After TV Nation ended, two VHS volumes of the show were released in 1997. Adventures in a TV Nation, a book about the series written by Moore and Glynn, was published in 1998. The funding previously acquired from British broadcaster Channel 4 for a third season eventually turned into the new TV series The Awful Truth. It was broadcast on the Bravo cable television network in the US from 1999 to 2000. There are currently no known reruns of TV Nation being shown by a United States TV station or cable channel, nor are there any plans to release it on DVD or to online video sites like Hulu.com.

==Home video releases==
Two VHS video cassettes were released in 1997 by Columbia TriStar Home Video.
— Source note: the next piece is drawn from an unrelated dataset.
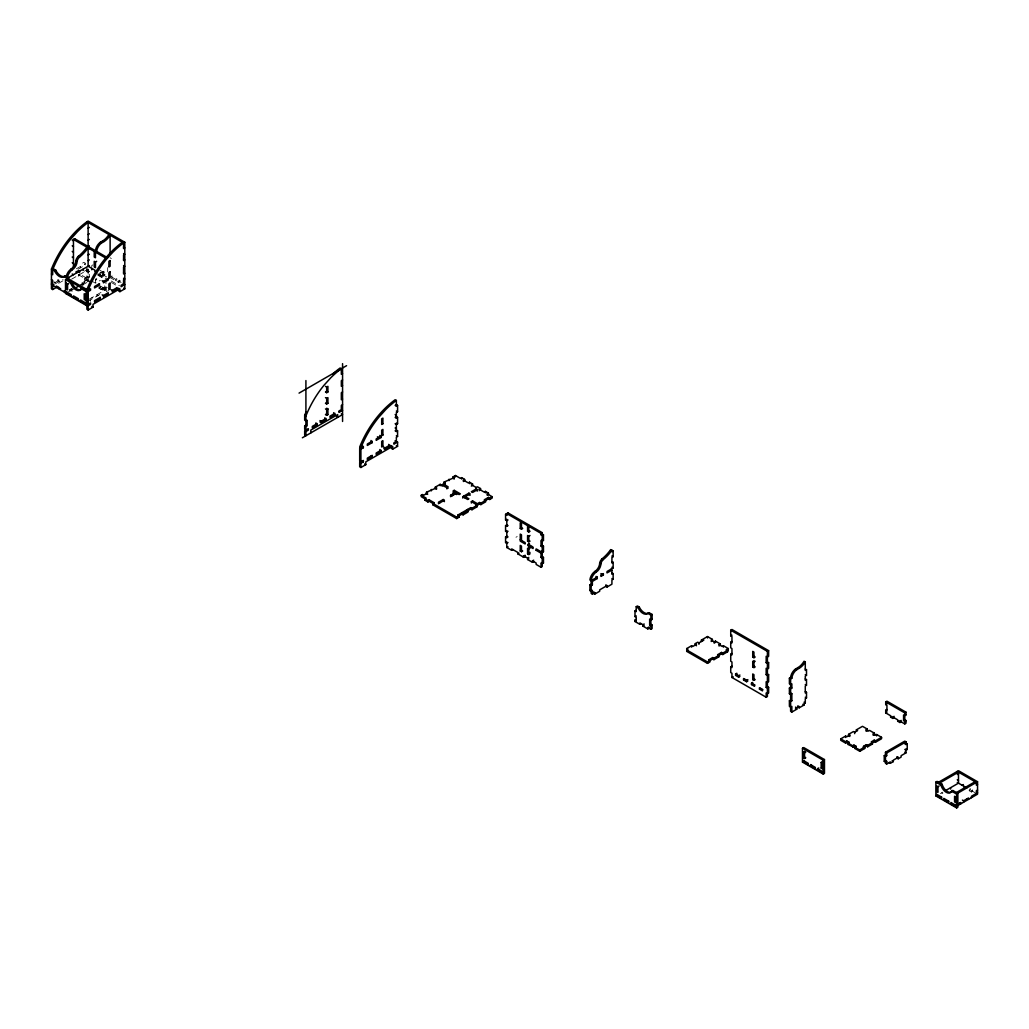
<?xml version="1.0" encoding="UTF-8"?>
<svg xmlns="http://www.w3.org/2000/svg" width="1029" height="1029" viewBox="0 0 1029 1029"><rect width="100%" height="100%" fill="white"/><g stroke="black" fill="none" stroke-linecap="round" stroke-linejoin="round"><path stroke-width="0.75" stroke-dasharray="5 3.75" d="M82.616 263.077L83.838 262.369L85.677 263.424L84.455 264.131L84.455 265.546L76.815 269.958L75.593 269.251L80.481 266.421L81.703 267.128M53.894 283.181L61.354 278.885M55.116 283.888L63.065 279.309M62.936 280.788L57.56 283.888L56.338 283.181M93.009 264.839L91.787 265.546L91.787 266.961M79.567 274.01L79.567 275.425L78.345 276.132L78.345 274.717L79.567 274.01L89.343 279.656M84.455 271.193L88.121 269.071M71.567 279.193L88.121 269.637L86.899 268.929M89.343 271.193L88.121 271.9L86.899 271.193L88.121 270.486L89.343 271.193L89.343 277.264L88.121 277.959L86.899 277.264L88.121 276.557L89.343 277.264M84.455 279.656L85.677 278.949L85.677 277.547L84.455 278.242L84.455 279.656L88.121 281.779L88.121 267.656M69.779 290.95L69.779 289.535L73.458 287.425M82.011 282.486L83.233 283.181L83.233 284.879L82.011 284.171L82.011 282.486L86.899 279.656M88.121 279.232L82.011 282.769L83.233 283.464M99.736 272.955L100.958 272.248L100.958 273.663L99.736 274.37L99.736 272.955L108.894 278.242M68.557 291.657L74.68 288.12M80.789 284.596L88.121 280.364M104.006 271.193L102.784 271.9L102.784 273.302L104.006 272.595L104.006 271.193L101.974 270.01M71.245 288.969L71.245 290.384L74.191 288.686M80.301 285.162L88.121 280.647M86.899 282.486L83.233 284.596L82.011 283.888M80.301 286.577L83.233 284.879M95.453 280.364L96.675 279.656L96.675 278.242M91.787 281.071L95.453 283.181L100.34 280.364M100.34 287.425L98.874 288.261L101.074 289.535L102.295 288.827L102.295 287.425L101.074 288.12L101.074 289.535M116.843 278.602L115.621 279.309L115.621 280.711L116.843 280.017L116.843 278.602L119.904 280.364L119.904 281.779L118.682 282.486L110.733 277.894M105.961 286.859L104.739 287.567L105.961 288.261L107.183 287.567L105.961 286.859L105.961 281.213M102.784 290.242L104.006 289.535L104.006 288.12L102.784 288.827L102.784 290.242L105.228 291.657M119.904 280.364L118.682 281.071L118.682 282.486M89.099 299.272L104.739 290.242L104.739 284.737M89.099 300.687L92.031 298.989L92.031 297.587L93.253 298.294L99.852 294.474L99.852 293.072M515.966 537.254L517.188 536.559M940.39 793.591L942.834 792.176M969.241 789.359L970.463 788.651L970.463 790.066L969.241 790.761L969.241 789.359L975.106 792.742M972.662 789.925L971.44 790.619L971.44 792.034L972.662 791.327L972.662 789.925L975.106 791.327M110.116 257.777L111.338 258.485M99.736 270.125L106.45 274.01M110.733 276.479L121.126 282.486M100.752 272.132L106.45 275.425M84.455 264.131L85.677 264.839M98.925 273.894L105.768 277.856M111.248 281.007L119.454 285.753M97.652 273.727L107.183 279.232M97.704 274.602L103.183 277.766M111.389 282.512L116.869 285.676M97.819 275.232L103.363 278.435M96.675 279.656L95.453 278.949L95.453 283.181M100.34 286.011L108.894 290.95M102.295 287.425L107.183 290.242L105.961 290.95L105.961 288.261M78.345 274.717L90.565 281.779M106.45 290.95L99.118 286.718L99.118 288.12M86.899 279.939L91.787 282.769M98.874 286.859L107.183 291.657M969.241 790.761L971.44 792.034M98.141 295.464L96.919 294.757L96.919 296.172M69.779 289.535L71.001 290.242L71.001 291.657M71.245 290.384L72.467 291.091M941.612 792.883L942.834 793.591M53.894 281.779L55.116 282.486M111.955 275.772L111.955 277.187M107.672 267.656L107.672 271.9M100.096 286.152L100.096 287.567M90.32 299.979L90.32 301.394M86.899 266.961L86.899 281.071M84.455 281.071L84.455 282.486M80.481 266.421L80.481 267.836M88.121 270.91L86.899 271.617L88.121 272.325L89.343 271.617L88.121 270.91M88.121 276.132L86.899 276.84L88.121 277.547L89.343 276.84L88.121 276.132M104.006 274.01L102.784 274.717L102.784 276.132L104.006 275.425L104.006 274.01M59.09 280.184L57.868 279.476L57.868 280.891L59.09 281.599L59.09 280.184"/><path stroke-width="1.5" d="M82.256 288.454L87.504 290.873L87.504 304.713L86.282 305.42L65.509 293.419L65.509 279.592L66.731 278.885L71.979 282.512A8.168 4.721 60 0 0 76.828 288.943A8.168 4.721 60 0 0 81.973 288.866M57.56 286.718L52.672 289.535L51.45 288.827L51.45 269.071A68.39 39.488 -60 0 1 86.899 221.788L88.121 221.081L124.792 242.252L124.792 288.827L119.904 291.657L118.682 290.95L118.682 288.12M88.121 228.142L89.343 227.435M73.458 267.656L73.458 239.435L74.68 238.728L107.543 257.7M88.121 234.496L89.343 233.789M88.121 240.143L89.343 239.435M89.343 245.79L88.121 246.484L88.121 222.496A68.39 39.488 -60 0 0 77.484 231.641L70.847 238.972A68.39 39.488 -60 0 0 52.672 269.778L52.672 274.717L51.45 274.01M52.672 269.778L53.894 269.071L55.733 270.125A8.644 4.991 60 0 0 65.509 275.772L64.287 276.479A8.644 4.991 60 0 1 54.511 270.833L51.45 269.071M88.121 249.314L89.343 248.606M110.116 253.546L110.116 235.204A12.528 7.242 -60 0 1 104.006 241.545L101.562 242.96A7.782 4.489 -60 0 0 96.675 251.436L95.453 252.131L95.453 257.777L94.231 257.07L94.231 251.436L95.453 250.729A7.782 4.489 -60 0 1 100.34 242.252L102.784 240.85A12.528 7.242 -60 0 0 108.894 234.496M54.511 270.833L55.733 270.125M88.121 254.96L89.343 254.253M88.121 260.607L89.343 259.9M64.737 276.93L66.885 275.695M124.792 242.252L123.57 242.96A68.39 39.488 -60 0 0 112.933 252.105L106.296 259.437A68.39 39.488 -60 0 0 88.121 290.242L88.121 309.999L86.899 309.292L86.899 305.06M53.894 284.596L52.672 285.303L52.672 289.535M64.287 276.479L88.121 290.242L90.565 288.827L90.565 290.242L88.121 291.657L67.335 279.656L67.335 278.242L89.343 265.546M95.453 262.009L95.453 267.656L94.231 266.961L94.231 261.315L95.453 262.009L96.675 261.315M67.58 284.171L67.58 289.818L66.358 289.11L66.358 283.464L67.58 284.171L68.802 283.464M65.509 279.592L70.512 282.486L71.734 281.779M60.621 288.48L59.399 289.188L59.399 287.773L56.338 286.011L56.338 287.425M65.509 293.419L66.731 292.712M75.413 287.991L79.079 285.869M70.512 282.486A8.168 4.721 60 0 0 75.902 289.818A8.168 4.721 60 0 0 81.278 288.686L82.5 287.979M103.402 281.419L108.289 278.602L108.289 280.017L103.402 282.834L103.402 281.419L102.18 280.711M81.278 288.686L86.282 291.58L87.504 290.873M103.402 295.542L108.289 292.712L108.289 294.127L103.402 296.944L103.402 295.542L102.18 294.834M112.264 290.422L117.152 287.593L117.152 289.008L112.264 291.837L112.264 290.422L111.042 289.715M88.121 309.999L93.009 307.182L93.009 304.352L119.904 288.827L119.904 291.657M299.053 393.117L346.58 365.681M342.567 373.643L341.345 374.337L341.345 368.704L340.123 367.996A68.39 39.488 -60 0 0 332.972 373.81M325.46 386.338L326.682 387.045L327.904 386.338L327.904 391.985L326.682 392.692L325.46 391.985L326.682 391.277L327.904 391.985M342.567 379.984L341.345 380.691L341.345 386.338L342.567 385.631M325.46 397.631L326.682 398.339L327.904 397.631L327.904 403.278L326.682 403.985L325.46 403.278L326.682 402.571L327.904 403.278M342.567 391.985L341.345 392.692L341.345 399.754L342.567 399.046M325.46 408.925L326.682 409.632L327.904 408.925L327.904 414.571L326.682 415.279L325.46 414.571L326.682 413.864L327.904 414.571M305.909 380.563L305.909 435.743L304.674 435.035L304.674 430.804L305.909 431.498L308.353 430.096L308.353 428.681L305.909 430.096L304.674 429.389L304.674 425.865L305.909 425.157M342.567 404.693L341.345 405.4L341.345 409.632L338.901 411.034L338.901 412.449L342.567 410.339M317.215 424.977L312.314 427.794L312.314 426.392L317.215 423.562L317.215 424.977L315.98 424.27L315.98 422.855M321.177 422.687L326.064 419.858L326.064 418.443L319.955 421.98L321.177 422.687L321.177 421.273L319.955 420.565M334.927 414.738L330.039 417.568L330.039 416.153L334.927 413.336L334.927 414.738L333.705 414.044L333.705 412.629M302.372 437.775L342.567 414.571L341.345 413.864M397.58 405.387L396.358 404.693L395.136 405.387L396.358 406.095L397.58 405.387L397.58 411.741L396.358 412.449L396.358 418.096L397.58 417.388L397.58 423.742L396.358 424.45L395.136 423.742M382.904 423.742L381.682 424.45L381.682 418.803L382.904 418.096L382.904 423.742L381.682 423.035M359.687 448.438L363.353 446.329L363.353 447.731L360.909 449.146L359.687 448.438L359.687 461.146L360.909 461.854L360.909 449.146M382.904 435.035L381.682 435.743L381.682 430.096L382.904 429.389L382.904 435.035L381.682 434.328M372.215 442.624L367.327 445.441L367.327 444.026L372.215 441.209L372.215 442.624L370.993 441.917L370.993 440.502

| Title | Media type | Release date | Approximate length | ISBN |
|---|---|---|---|---|
| TV Nation—Volume 1 | VHS videotape (NTSC) | November 4, 1997 | 120 minutes | ISBN 0-8001-9910-3 |
| TV Nation—Volume 2 | VHS videotape (NTSC) | November 4, 1997 | 120 minutes | ISBN 0-8001-9881-6 |

==Reboot==
In 2019, TBS cancelled plans to reboot TV Nation. The series was originally greenlighted in 2017 with the title "Live from the Apocalypse" and developed for TNT.